Cool to hear you have VFT's doing well! You should try some Sarracenia, then. Some are native to central and northen Florida. We look forward to your pics!


----------



## Ernie (Jan 16, 2011)

Was gonna do Sarracenias, but time ran out before our "winter" set in. Eventhough it's mild, it's still a crappy time to plant newbies. Saw fbrems Sar bog and fell in love with it. We'll see...


----------



## Eric Muehlbauer (Jan 16, 2011)

I've been able to keep venus fly traps alive on Long Island (except Red Dragon, of course).
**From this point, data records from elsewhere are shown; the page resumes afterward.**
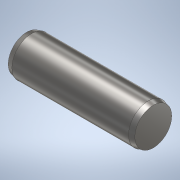
# Autodesk Inventor part: φ4ピン　L20
Saved by Autodesk Inventor 2020 (Build 240168000, 168)
## iProperties
Part Number: φ4ピン　L20
Material: ステンレス鋼
Document SubType Name: Modeling
Designer: 原知也
Density: 8 g/cm^3
Appearance: 半つや出し
Mass: 2.00023 g
Surface Area: 2.72263 cm^2
Volume: 0.250029 cm^3
Author: 原知也
Autodesk Inventor part; units mm, degrees
ref_plane "YZ Plane" through (0, 0, 0) normal (1, 0, 0) x (0, 1, 0)
ref_plane "XZ Plane" through (0, 0, 0) normal (0, 1, 0) x (-1, 0, 0)
ref_plane "XY Plane" through (0, 0, 0) normal (0, 0, 1) x (1, 0, 0)
sketch "スケッチ1" plane through (0, 0, 0) normal (0, 0, 1) x (1, 0, 0)
  line L0 (-18.9602, 2.8145) -> (-4.2202, 2.8145)
  line L1 (-3.5902, 2.6457) -> (-3.5902, 0.3145)
  line L2 (-19.5902, 0.3145) -> (-19.5902, 2.6457)
  line L3 (-18.9602, 2.8145) -> (-18.9602, -1.1855) construction
  line L4 (-4.2202, 2.8145) -> (-4.2202, -1.1855) construction
  line L5 (-18.9602, 2.8145) -> (-19.5902, 2.6457)
  line L6 (-4.2202, 2.8145) -> (-3.5902, 2.6457)
  line L7 (-35.0163, 0.3145) -> (16.7265, 0.3145) construction
  line L8 (-19.5902, 0.3145) -> (-3.5902, 0.3145)
  dimension "d2" = 0.63
  dimension "d3" = 0.63
  dimension "d4" = 15
  dimension "d6" = 15
  dimension "d9" = 16
  dimension "d12" = 2.5
  constraints: 18 end point, 3 horizontal, 2 point on line, 1 parallel, 1 perpendicular
  measures "d2" distance between parallel lines of L3 L2
  measures "d3" distance between parallel lines of L1 L4
  measures "d4" angle of L5 L0
  measures "d6" angle of L0 L6
  measures "d9" distance between parallel lines of L2 L1
  measures "d12" distance between parallel lines of L7 L0
revolve "回転1" add sketch "スケッチ1" angle 360 about axis through (-35.0163, 0.3145, 0) along (1, 0, 0)

They survive the winter well enough...its the summer heat that does them in.


----------



## Ernie (Jan 16, 2011)

Eric Muehlbauer said:


> I've been able to keep venus fly traps alive on Long Island (except Red Dragon, of course). They survive the winter well enough...its the summer heat that does them in.



I was surprised how well they did this summer here. We made these Logan's plants at his request and he had to take care of them. They are all potted individually in NZ sphag and he'd dunk them in the pond each day if they didn't get rained on, and we keep a shallow (maybe 1/2") water pool beneath each (a trimmed down pastic cup for each). They are in full sun. We do have great humidity (plant-wise at least) in summer.


----------



## Kevin (Jan 16, 2011)

Eric Muehlbauer said:


> I've been able to keep venus fly traps alive on Long Island (except Red Dragon, of course). They survive the winter well enough...its the summer heat that does them in.



That seems odd. They are native to North Carolina, and have naturalized (or have been planted) as far south as the Florida panhandle. Seems it would be much hotter there than on Long island, but maybe not. Perhaps yours are not wet enough?


----------



## Kevin (Jan 16, 2011)

Ernie said:


> I was surprised how well they did this summer here. We made these Logan's plants at his request and he had to take care of them. They are all potted individually in NZ sphag and he'd dunk them in the pond each day if they didn't get rained on, and we keep a shallow (maybe 1/2") water pool beneath each (a trimmed down pastic cup for each). They are in full sun. We do have great humidity (plant-wise at least) in summer.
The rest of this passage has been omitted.